Kosten: 15 Euro für Eintritt inkl. Weinprobe.
Märchen für Großeltern und Enkelkinder
Am Dienstag, dem 29. Mai 2018 erzählt Ute Hommel in der Begegnungsstätte Bürgerspital um 15 Uhr "Märchen für Großeltern und Enkelkinder". Von einer "Märchenspeisekarte" können Märchen bestellt werden. Zu diesem Märchennachmittag sind natürlich auch Eltern oder Märchenfreunde mit und ohne Kinder willkommen. Eintritt 5 Euro.
Ein zauberhafter Märchenabend in Bopfingen
Wunderschöne Harfenmusik, berührende, spannende und lustige
Märchen, Pizzaherzen und andere Köstlichkeiten – der 18. Bopfinger Märchenabend
von „Liebe, Treue und Sehnsucht“ war
wieder ein sehr schöner Abend.
Mit dem indischen Märchen von den drei Brautwerbern
eröffnete Ute Hommel den Märchenreigen. Zwei reiche, eingebildete Bewerber
kommen nicht zum Zug. Der einfache Diener, der auf die Braut eingeht, bekommt
sie am Ende.
Auch in dem russischen Märchen von Carmen Stumpf muss Iwan
Zarensohn einiges durchmachen, bevor er seine Braut bekommt. Nicht nur den Spott der Brüder wegen seiner „Froschzarin“,
sondern auch den Kampf mit dem unsterblichen Kostschei muss er bestehen. Dafür
erweist sich die Unke am Ende als Wassilissa, die Allweise.
Von der Liebe der Wasserfrauen erzählte Helga Schwarting. Sie
verhindern lange, dass ein junger Mann mit einer irdischen Braut glücklich
wird. Erst die Klugheit der zwölften
Braut erlöst ihn aus den Fängen des Wasserwesens.
Mit zwei heiteren Märchen
beschlossen die Erzählerinnen den Märchenabend. Man sollte mit dem
Wünschen immer vorsichtig umgehen, zu groß ist die Gefahr, dass ein unbedacht
geäußerter Wunsch auch in Erfüllung geht. Dies lehrte das Märchen von den drei
Wünschen. Ein Spiegel kann zu großen Missverständnissen führen, je nachdem, wer
in den Spiegel schaut. So kann aus einem lieben Freund plötzlich weibliche
Konkurrenz werden.
Die liebevolle musikalische Begleitung von Susanne Engel an
der Harfe und Rainer Engel mit verschiedenen Gongs untermalte die Märchen und
führte stimmungsvoll zur nächsten Erzählung.

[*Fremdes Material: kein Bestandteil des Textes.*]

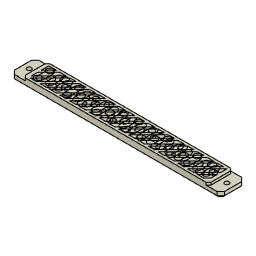
Front Panel - Master (Autodesk Fusion 360 design; units mm, degrees)
Autodesk Fusion 360 part; units mm, degrees
ref_plane "WorkPlane1" through (0, -117.8, 0) normal (0, 1, 0) x (0, 0, 1)
ref_plane "WorkPlane2" through (0, -123, 0) normal (0, 1, 0) x (0, 0, 1)
sketch "Master Sketch" plane through (0, -123, 0) normal (0, 1, 0) x (1, 0, 0)
  line L0 (-88.4862, 0.0071) -> (88.5, 0.0071) construction
  line L1 (88.5, 0.0071) -> (88.5, -28.9292)
  line L2 (88.5, -28.9292) -> (87.9405, -29.5447) construction
  line L3 (-88.4655, 0) -> (-88.4655, -26.8517) construction
  line L4 (-88.4862, -26.8517) -> (89.2, -26.8517) construction
  line L5 (89.2, -26.8517) -> (89.2, 0) construction
  line L6 (88.5, -26.8517) -> (88.5, 0.0071)
  line L7 (-88.4862, -26.8517) -> (88.5, -26.8517)
  line L8 (88.5, 0.0071) -> (-88.4862, 0.0071)
  line L9 (-88.4862, -26.8517) -> (-88.4862, 0.0071)
  line L10 (85.5, -21.8517) -> (85.5, -7.8517)
  line L11 (-82.4864, -24.8517) -> (82.5, -24.8517)
  line L12 (82.5, -4.8517) -> (-82.4864, -4.8517)
  line L13 (-88.4655, -4.8517) -> (-88.5, -4.8517)
  line L14 (-85.4864, -21.8517) -> (-85.4864, -7.8517)
  line L15 (-85.4864, 0.0071) -> (-85.4864, 0.0039)
  line L16 (-75.4864, -24.8517) -> (-75.4864, -4.8517)
  line L17 (75.5, -24.8517) -> (75.5, -4.8517)
  line L18 (-75.4864, -4.8517) -> (-80.4972, -4.8517)
  line L19 (-85.4864, -24.8517) -> (-75.4864, -24.8517) construction
  line L20 (-80.4864, -24.8517) -> (-80.4972, -4.8517) construction
  line L21 (0.0068, -24.8517) -> (0.0068, -4.8517) construction
  arc A0 (-82.4864, -4.8517) -> (-85.4864, -7.8517) centre (-82.4864, -7.8517) ccw construction
  arc A1 (-85.4864, -21.8517) -> (-82.4864, -24.8517) centre (-82.4864, -21.8517) ccw construction
  arc A2 (85.5, -7.8517) -> (82.5, -4.8517) centre (82.5, -7.8517) ccw construction
  arc A3 (82.5, -24.8517) -> (85.5, -21.8517) centre (82.5, -21.8517) ccw construction
  circle A4 centre (-80.4836, -14.7936) radius 1.8
  circle A5 centre (80.4971, -14.7936) radius 1.8
  line L22 (-85.4864, -21.8517) -> (-82.4864, -24.8517)
  line L23 (-85.4864, -7.8517) -> (-82.4864, -4.8517)
  line L24 (85.5, -7.8517) -> (82.5, -4.8517)
  line L25 (85.5, -21.8517) -> (82.4977, -24.8517)
  point P0 (85.5, -4.8517)
  point P1 (85.5, -24.8517)
  dimension "d919" = 2
  dimension "d922" = 20
  dimension "d925" = 10
  dimension "d926" = 10
  dimension "d928" = 3
  dimension "d929" = 3
  dimension "d930" = 3
  dimension "d931" = 3
  dimension "d932" = 3.6
  constraint coincident L4 L6.start
  constraint coincident L1 L6.start
  constraint coincident L0.end L1.start
  constraint coincident L4.start L7.start
  constraint coincident L0.start L8.end
  constraint parallel L7 L11
  constraint parallel L9 L14
  constraint parallel L8 L12
  constraint coincident L3 L13.start
  constraint collinear L12 L13
  constraint coincident L0 L15.start
  constraint collinear L14 L15
  constraint parallel L6 L10
  constraint parallel L10 L17
  constraint coincident L11 L17.start
  constraint coincident L12 L17.end
  constraint parallel L14 L16
  constraint perpendicular L14 L18
  constraint perpendicular L16 L19
  constraint midpoint L19 L20.start
  constraint coincident L12 L21.end
  constraint tangent L12 A0
  constraint tangent L14 A0
  constraint coincident L11 L21.start
  constraint coincident L19.start L14
  constraint coincident L11 L19.start
  constraint tangent L14 A1
  constraint tangent L11 A1
  constraint coincident L12 P0
  constraint coincident L10 P0
  constraint tangent L12 A2
  constraint tangent L10 A2
  constraint coincident L11 P1
  constraint coincident L10 P1
  constraint tangent L11 A3
  constraint tangent L10 A3
  constraint symmetric L21 A4 A5
  constraint coincident L12 L16.end
  constraint coincident L11 L16.start
  constraint vertical L16
  constraint horizontal L12
  constraint vertical L10
  constraint symmetric L21 L12.end L12.start
  constraint symmetric L21 L14.end L10.end
  constraint symmetric L21 L14.start L10.start
  constraint coincident L11 L25.end
  constraint coincident L10 A3.end
  constraint coincident L10 A2.start
  measures "d919" distance of L7 L11
  measures "d922" distance of P0 P1
  measures "d925" distance of L10 L17
  measures "d926" distance of L14 L16
  measures "d928" radius of A0
  measures "d929" radius of A1
  measures "d930" radius of A2
  measures "d931" radius of A3
  measures "d932" diameter of A4
extrude "Extrude1" add sketch "Master Sketch" along normal blind 4 contours L11 L12 L16 L17 makes body 1
extrude "Extrude2" add sketch "Master Sketch" along normal blind 2 contours L10 L11 L12 L17 L24 L25 | L11 L12 L14 L16 L18 L22 L23 bodies 1
chamfer "Chamfer1" distance 2 angle 45 4 edges at (-75.4864, -120, 24.8517) (-75.4864, -120, 4.8517) (75.5, -120, 4.8517) (75.5, -120, 24.8517) on bodies 1
move_body "Move1" bodies 1 to x (1, 0, 0) y (0, 0, 1) z (0, -1, 0) at (0, -118.1483, 127.8517)
extrude "Extrude3" add 3 faces at (-25.1576, -129.6667, 4.8517) (-79.352, -140.2322, 4.8517) (79.3648, -140.2322, 4.8517) along direction (0, 0, -1) blind 3 on bodies 1 bodies 1
chamfer "Chamfer2" distance 2 angle 45 8 edges at (85.5, -133, 1.8517) (83.9988, -141.5, 1.8517) (0.0056, -143, 1.8517) (-83.9864, -141.5, 1.8517) (-85.4864, -133, 1.8517) (-83.9864, -124.5, 1.8517) (0.0068, -123, 1.8517) (84, -124.5, 1.8517) on bodies 1
copy_body "Body->Comp1" bodies 1 removing the originals makes body 2 in component "Master"
sketch "Outline" plane through (0, -117.8, 0) normal (0, 1, 0) x (1, 0, 0) in component "Master"
  line L0 (-88.4655, -26.8517) -> (89.2, -26.8517)
  line L1 (89.2, -26.8517) -> (89.2, 0)
  line L2 (89.2, 0) -> (-88.4655, 0)
  line L3 (-88.4655, 0) -> (-88.4655, -26.8517)
sketch "USB A Panel Mount" plane through (0.0068, -133, 8.8517) normal (0, 0, 1) x (-1, 0, 0) in component "USB Sketches"
  line L0 (-73.4932, 10) -> (-75.4932, 8)
  line L1 (-75.4932, 8) -> (-75.4932, -8)
  line L2 (-75.4932, -8) -> (-73.4932, -10)
  line L3 (-73.4932, -10) -> (73.4932, -10)
  line L4 (73.4932, -10) -> (75.4932, -8)
  line L5 (75.4932, -8) -> (75.4932, 8)
  line L6 (75.4932, 8) -> (73.4932, 10)
  line L7 (73.4932, 10) -> (-73.4932, 10)
  line L8 (72.4932, 7.5) -> (33.4932, 7.5)
  line L9 (33.4932, 7.5) -> (33.4932, -7.5)
  line L10 (33.4932, -7.5) -> (72.4932, -7.5)
  line L11 (72.4932, -7.5) -> (72.4932, 7.5)
  line L12 (45.7432, -6) -> (60.2432, -6)
  line L13 (60.2432, -6) -> (60.2432, 6)
  line L14 (45.7432, 6) -> (45.7432, -6)
  line L15 (60.2432, 6) -> (45.7432, 6)
  circle A0 centre (68.2432, 0) radius 1.8
  circle A1 centre (37.7432, 0) radius 1.8
sketch "USB C Panel Mount" plane through (0.0068, -133, 8.8517) normal (0, 0, 1) x (-1, 0, 0) in component "USB Sketches"
  line L0 (-73.4932, 10) -> (-75.4932, 8)
  line L1 (-75.4932, 8) -> (-75.4932, -8)
  line L2 (-75.4932, -8) -> (-73.4932, -10)
  line L3 (-73.4932, -10) -> (73.4932, -10)
  line L4 (73.4932, -10) -> (75.4932, -8)
  line L5 (75.4932, -8) -> (75.4932, 8)
  line L6 (75.4932, 8) -> (73.4932, 10)
  line L7 (73.4932, 10) -> (-73.4932, 10)
  line L8 (72.4932, 6) -> (47.4932, 6)
  line L9 (47.4932, 6) -> (47.4932, -6)
  line L10 (47.4932, -6) -> (72.4932, -6)
  line L11 (72.4932, -6) -> (72.4932, 6)
  arc A0 (63.4932, -2.5) -> (64.4932, -1.5) centre (63.4932, -1.5) ccw
  line L12 (64.4932, 0) -> (64.4932, -1.5)
  line L13 (59.9932, -2.5) -> (63.4932, -2.5)
  arc A1 (55.4932, -1.5) -> (56.4932, -2.5) centre (56.4932, -1.5) ccw
  line L14 (55.4932, 0) -> (55.4932, -1.5)
  line L15 (59.9932, -2.5) -> (56.4932, -2.5)
  arc A2 (56.4932, 2.5) -> (55.4932, 1.5) centre (56.4932, 1.5) ccw
  line L16 (55.4932, 0) -> (55.4932, 1.5)
  line L17 (59.9932, 2.5) -> (56.4932, 2.5)
  circle A3 centre (51.6182, 0) radius 1.75
  circle A4 centre (68.3682, 0) radius 1.75
  arc A5 (64.4932, 1.5) -> (63.4932, 2.5) centre (63.4932, 1.5) ccw
  line L18 (59.9932, 2.5) -> (63.4932, 2.5)
  line L19 (64.4932, 0) -> (64.4932, 1.5)
sketch "Micro SD Slot" plane through (0, 0, 8.8517) normal (0, 0, 1) x (-1, 0, 0) in component "Master"
  line L0 (-73.5, 143) -> (-75.5, 141)
  line L1 (-75.5, 141) -> (-75.5, 125)
  line L2 (-75.5, 125) -> (-73.5, 123)
  line L3 (-73.5, 123) -> (73.4864, 123)
  line L4 (73.4864, 123) -> (75.4864, 125)
  line L5 (75.4864, 125) -> (75.4864, 141)
  line L6 (75.4864, 141) -> (73.4864, 143)
  line L7 (73.4864, 143) -> (-73.5, 143)
  line L8 (26.05, 129.6) -> (2.25, 129.6)
  line L9 (2.25, 129.6) -> (2.25, 136.4)
  line L10 (2.25, 136.4) -> (26.05, 136.4)
  line L11 (26.05, 136.4) -> (26.05, 129.6)
  line L12 (14.15, 132.9821) -> (28.75, 132.9821) construction
  line L13 (14.15, 132.9821) -> (14.15, 136.4) construction
  circle A0 centre (28.75, 132.9821) radius 1.8
  circle A1 centre (-0.45, 132.9821) radius 1.8
  line L14 (33.4864, 140.5) -> (33.4864, 125.5)
  line L15 (33.4864, 125.5) -> (-5.1864, 125.5)
  line L16 (-5.1864, 125.5) -> (-5.1864, 140.4642)
  line L17 (-5.1864, 140.4642) -> (33.4864, 140.4642)
  line L18 (33.4864, 140.4642) -> (33.4864, 125.5)
  line L19 (33.4864, 125.5) -> (-5.1864, 140.4642) construction
  line L20 (-5.1864, 125.5) -> (33.4864, 140.4642) construction
  line L21 (32.65, 129.5821) -> (-4.35, 129.5821)
  line L22 (-4.35, 129.5821) -> (-4.35, 136.3821)
  line L23 (-4.35, 136.3821) -> (32.65, 136.3821)
  line L24 (32.65, 136.3821) -> (32.65, 129.5821)
  line L25 (32.65, 129.5821) -> (-4.35, 136.3821) construction
  line L26 (-4.35, 129.5821) -> (32.65, 136.3821) construction
  point P0 (14.15, 132.9821)
  point P1 (14.15, 132.9821)
  point P2 (14.15, 132.9821)
  point P3 (14.15, 132.9821)
  dimension "d11" = 23.8
  dimension "d12" = 6.8
  dimension "d13" = 14.6
  dimension "d14" = 3.6
  dimension "d48" = 37
  dimension "d49" = 6.8
  constraint horizontal L8
  constraint perpendicular L8 L9
  constraint parallel L8 L10
  constraint parallel L9 L11
  constraint coincident P3 P2
  constraint perpendicular L11 L12
  constraint midpoint L10 L13.end
  constraint perpendicular L10 L13
  constraint coincident L12.end A0.centre
  constraint symmetric L13 A0 A1
  constraint horizontal L15
  constraint perpendicular L15 L16
  constraint parallel L15 L17
  constraint parallel L16 L18
  constraint coincident L19 P3
  constraint coincident L20 P3
  constraint coincident L14.end L15.start
  constraint horizontal L21
  constraint perpendicular L21 L22
  constraint parallel L21 L23
  constraint parallel L22 L24
  constraint coincident L25 P3
  constraint coincident L26 P3
  measures "d11" distance of L9.end L10.end
  measures "d12" distance of L8.end L9.end
  measures "d13" distance of P3 L12.end
  measures "d14" diameter of A0
  measures "d48" distance of L22.end L23.end
  measures "d49" distance of L21.end L22.end
sketch "Vent Sections" plane through (0, 0, 8.8517) normal (0, 0, 1) x (-1, 0, 0) in component "Vent Sketches"
  line L0 (-73.5, 143) -> (-75.5, 141)
  line L1 (-75.5, 141) -> (-75.5, 125)
  line L2 (-75.5, 125) -> (-73.5, 123)
  line L3 (-73.5, 123) -> (73.4864, 123)
  line L4 (73.4864, 123) -> (75.4864, 125)
  line L5 (75.4864, 125) -> (75.4864, 141)
  line L6 (75.4864, 141) -> (73.4864, 143)
  line L7 (73.4864, 143) -> (-73.5, 143)
  line L8 (33.4864, 140.4642) -> (33.4864, 125.5) construction
  line L9 (-5.1864, 125.5) -> (-5.1864, 140.4642) construction
  line L10 (-72.5, 141) -> (-72.5, 125)
  line L11 (72.4864, 125) -> (72.4864, 141)
  line L12 (72.4864, 141) -> (-72.5, 141)
  line L13 (-72.5, 125) -> (72.4864, 125)
  line L14 (-5.1864, 141) -> (-5.1864, 125)
  line L15 (33.4864, 141) -> (33.4864, 125)
  dimension "d15" = -3
  dimension "d17" = -3
  constraint perpendicular L10 L12
  constraint perpendicular L11 L13
  constraint coincident L12 L14.start
  constraint coincident L13 L14.end
  constraint perpendicular L13 L14
  constraint collinear L9 L14
  constraint coincident L12 L15.start
  constraint coincident L13 L15.end
  constraint perpendicular L13 L15
  constraint collinear L8 L15
sketch "Slots" plane through (0, 0, 8.8517) normal (0, 0, 1) x (-1, 0, 0) in component "Vent Sketches"
  line L0 (-73.5, 143) -> (-75.5, 141)
  line L1 (-75.5, 141) -> (-75.5, 125)
  line L2 (-75.5, 125) -> (-73.5, 123)
  line L3 (-73.5, 123) -> (73.4864, 123)
  line L4 (73.4864, 123) -> (75.4864, 125)
  line L5 (75.4864, 125) -> (75.4864, 141)
  line L6 (75.4864, 141) -> (73.4864, 143)
  line L7 (73.4864, 143) -> (-73.5, 143)
  line L8 (72.4864, 141) -> (-72.5, 141)
  line L9 (-72.5, 141) -> (-72.5, 125)
  line L10 (-72.5, 125) -> (72.4864, 125)
  line L11 (72.4864, 125) -> (72.4864, 141)
  line L12 (-5.1864, 141) -> (-5.1864, 125)
  line L13 (33.4864, 141) -> (33.4864, 125)
  line L14 (-0.0068, 141) -> (-0.0068, 125) construction
  line L15 (2.4932, 129) -> (2.4932, 137)
  arc A0 (2.4932, 137) -> (-2.5068, 137) centre (-0.0068, 137) ccw
  line L16 (-2.5068, 137) -> (-2.5068, 129)
  arc A1 (-2.5068, 129) -> (2.4932, 129) centre (-0.0068, 129) ccw
  line L17 (-0.0068, 129) -> (-0.0068, 137) construction
  line L18 (-70.0068, 137) -> (-70.0068, 129)
  arc A2 (-70.0068, 129) -> (-65.0068, 129) centre (-67.5068, 129) ccw
  line L19 (-65.0068, 129) -> (-65.0068, 137)
  arc A3 (-65.0068, 137) -> (-70.0068, 137) centre (-67.5068, 137) ccw
  line L20 (-62.5068, 137) -> (-62.5068, 129)
  arc A4 (-62.5068, 129) -> (-57.5068, 129) centre (-60.0068, 129) ccw
  line L21 (-57.5068, 129) -> (-57.5068, 137)
  arc A5 (-57.5068, 137) -> (-62.5068, 137) centre (-60.0068, 137) ccw
  line L22 (-55.0068, 137) -> (-55.0068, 129)
  arc A6 (-55.0068, 129) -> (-50.0068, 129) centre (-52.5068, 129) ccw
  line L23 (-50.0068, 129) -> (-50.0068, 137)
  arc A7 (-50.0068, 137) -> (-55.0068, 137) centre (-52.5068, 137) ccw
  line L24 (-47.5068, 137) -> (-47.5068, 129)
  arc A8 (-47.5068, 129) -> (-42.5068, 129) centre (-45.0068, 129) ccw
  line L25 (-42.5068, 129) -> (-42.5068, 137)
  arc A9 (-42.5068, 137) -> (-47.5068, 137) centre (-45.0068, 137) ccw
  line L26 (-40.0068, 137) -> (-40.0068, 129)
  arc A10 (-40.0068, 129) -> (-35.0068, 129) centre (-37.5068, 129) ccw
  line L27 (-35.0068, 129) -> (-35.0068, 137)
  arc A11 (-35.0068, 137) -> (-40.0068, 137) centre (-37.5068, 137) ccw
  line L28 (-32.5068, 137) -> (-32.5068, 129)
  arc A12 (-32.5068, 129) -> (-27.5068, 129) centre (-30.0068, 129) ccw
  line L29 (-27.5068, 129) -> (-27.5068, 137)
  arc A13 (-27.5068, 137) -> (-32.5068, 137) centre (-30.0068, 137) ccw
  line L30 (-25.0068, 137) -> (-25.0068, 129)
  arc A14 (-25.0068, 129) -> (-20.0068, 129) centre (-22.5068, 129) ccw
  line L31 (-20.0068, 129) -> (-20.0068, 137)
  arc A15 (-20.0068, 137) -> (-25.0068, 137) centre (-22.5068, 137) ccw
  line L32 (-17.5068, 137) -> (-17.5068, 129)
  arc A16 (-17.5068, 129) -> (-12.5068, 129) centre (-15.0068, 129) ccw
  line L33 (-12.5068, 129) -> (-12.5068, 137)
  arc A17 (-12.5068, 137) -> (-17.5068, 137) centre (-15.0068, 137) ccw
  line L34 (-10.0068, 137) -> (-10.0068, 129)
  arc A18 (-10.0068, 129) -> (-5.0068, 129) centre (-7.5068, 129) ccw
  line L35 (-5.0068, 129) -> (-5.0068, 137)
  arc A19 (-5.0068, 137) -> (-10.0068, 137) centre (-7.5068, 137) ccw
  line L36 (4.9932, 137) -> (4.9932, 129)
  arc A20 (4.9932, 129) -> (9.9932, 129) centre (7.4932, 129) ccw
  line L37 (9.9932, 129) -> (9.9932, 137)
  arc A21 (9.9932, 137) -> (4.9932, 137) centre (7.4932, 137) ccw
  line L38 (12.4932, 137) -> (12.4932, 129)
  arc A22 (12.4932, 129) -> (17.4932, 129) centre (14.9932, 129) ccw
  line L39 (17.4932, 129) -> (17.4932, 137)
  arc A23 (17.4932, 137) -> (12.4932, 137) centre (14.9932, 137) ccw
  line L40 (19.9932, 137) -> (19.9932, 129)
  arc A24 (19.9932, 129) -> (24.9932, 129) centre (22.4932, 129) ccw
  line L41 (24.9932, 129) -> (24.9932, 137)
  arc A25 (24.9932, 137) -> (19.9932, 137) centre (22.4932, 137) ccw
  line L42 (27.4932, 137) -> (27.4932, 129)
  arc A26 (27.4932, 129) -> (32.4932, 129) centre (29.9932, 129) ccw
  line L43 (32.4932, 129) -> (32.4932, 137)
  arc A27 (32.4932, 137) -> (27.4932, 137) centre (29.9932, 137) ccw
  line L44 (34.9932, 137) -> (34.9932, 129)
  arc A28 (34.9932, 129) -> (39.9932, 129) centre (37.4932, 129) ccw
  line L45 (39.9932, 129) -> (39.9932, 137)
  arc A29 (39.9932, 137) -> (34.9932, 137) centre (37.4932, 137) ccw
  line L46 (42.4932, 137) -> (42.4932, 129)
  arc A30 (42.4932, 129) -> (47.4932, 129) centre (44.9932, 129) ccw
  line L47 (47.4932, 129) -> (47.4932, 137)
  arc A31 (47.4932, 137) -> (42.4932, 137) centre (44.9932, 137) ccw
  line L48 (49.9932, 137) -> (49.9932, 129)
  arc A32 (49.9932, 129) -> (54.9932, 129) centre (52.4932, 129) ccw
  line L49 (54.9932, 129) -> (54.9932, 137)
  arc A33 (54.9932, 137) -> (49.9932, 137) centre (52.4932, 137) ccw
  line L50 (57.4932, 137) -> (57.4932, 129)
  arc A34 (57.4932, 129) -> (62.4932, 129) centre (59.9932, 129) ccw
  line L51 (62.4932, 129) -> (62.4932, 137)
  arc A35 (62.4932, 137) -> (57.4932, 137) centre (59.9932, 137) ccw
  line L52 (64.9932, 137) -> (64.9932, 129)
  arc A36 (64.9932, 129) -> (69.9932, 129) centre (67.4932, 129) ccw
  line L53 (69.9932, 129) -> (69.9932, 137)
  arc A37 (69.9932, 137) -> (64.9932, 137) centre (67.4932, 137) ccw
  point P0 (-0.0068, 133)
  dimension "d18" = 5
  dimension "d21" = 7.5
  dimension "d22" = 0
  constraint midpoint L8 L14.start
  constraint midpoint L10 L14.end
  constraint tangent L15 A0
  constraint tangent A0 L16
  constraint parallel L15 L16
  constraint tangent L16 A1
  constraint tangent L15 A1
  constraint perpendicular L8 L17
  constraint midpoint L14 P0
  constraint midpoint L17 P0
  measures "d18" diameter of A0
sketch "Slats" plane through (0, 0, 8.8517) normal (0, 0, 1) x (-1, 0, 0) in component "Vent Sketches"
  line L0 (-73.5, 143) -> (-75.5, 141)
  line L1 (-75.5, 141) -> (-75.5, 125)
  line L2 (-75.5, 125) -> (-73.5, 123)
  line L3 (-73.5, 123) -> (73.4864, 123)
  line L4 (73.4864, 123) -> (75.4864, 125)
  line L5 (75.4864, 125) -> (75.4864, 141)
  line L6 (75.4864, 141) -> (73.4864, 143)
  line L7 (73.4864, 143) -> (-73.5, 143)
  line L8 (72.4864, 141) -> (-72.5, 141)
  line L9 (-72.5, 141) -> (-72.5, 125)
  line L10 (72.4864, 125) -> (72.4864, 141)
  line L11 (-72.5, 125) -> (72.4864, 125)
  line L12 (-5.1864, 141) -> (-5.1864, 125)
  line L13 (33.4864, 141) -> (33.4864, 125)
  line L14 (-72.5, 125) -> (-56.4903, 141)
  line L15 (-69.5, 125) -> (-53.4903, 141)
  line L16 (-61.5, 125) -> (-45.4903, 141)
  line L17 (-64.5, 125) -> (-48.4903, 141)
  line L18 (-53.5, 125) -> (-37.4903, 141)
  line L19 (-56.5, 125) -> (-40.4903, 141)
  line L20 (-45.5, 125) -> (-29.4903, 141)
  line L21 (-48.5, 125) -> (-32.4903, 141)
  line L22 (-37.5, 125) -> (-21.4903, 141)
  line L23 (-40.5, 125) -> (-24.4903, 141)
  line L24 (-29.5, 125) -> (-13.4903, 141)
  line L25 (-32.5, 125) -> (-16.4903, 141)
  line L26 (-21.5, 125) -> (-5.4903, 141)
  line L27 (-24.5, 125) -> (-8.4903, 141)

18. Bopfinger Märchenabend
Am Vorabend des Muttertags laden Ute Hommel, Helga Schwarting und Carmen Stumpf zum 18. Bopfinger Märchenabend ins Museum im Seelhaus in Bopfingen. Um 19 Uhr erzählen sie Märchen von Liebe, Treue und Sehnsucht. Musikalisch werden sie von Susanne Engel an der Harfe und Rainer Engel am Gong begleitet.
Was den Bopfinger Märchenabend so besonders macht, sind neben den ganz besonderen Märchen auch immer die Köstlichkeiten, die in der Pause serviert werden. Jedesmal lassen sich die Erzählerinnen etwas Passendes einfallen. So darf man auch diesmal gespannt sein, was zum Thema "Liebe" so alles auf den Tisch kommt.
Der Eintritt beträgt 8 Euro (Abendkasse) Ein Vorverkauf ist nicht nötig.
Was den Bopfinger Märchenabend so besonders macht, sind neben den ganz besonderen Märchen auch immer die Köstlichkeiten, die in der Pause serviert werden. Jedesmal lassen sich die Erzählerinnen etwas Passendes einfallen. So darf man auch diesmal gespannt sein, was zum Thema "Liebe" so alles auf den Tisch kommt.
Der Eintritt beträgt 8 Euro (Abendkasse) Ein Vorverkauf ist nicht nötig.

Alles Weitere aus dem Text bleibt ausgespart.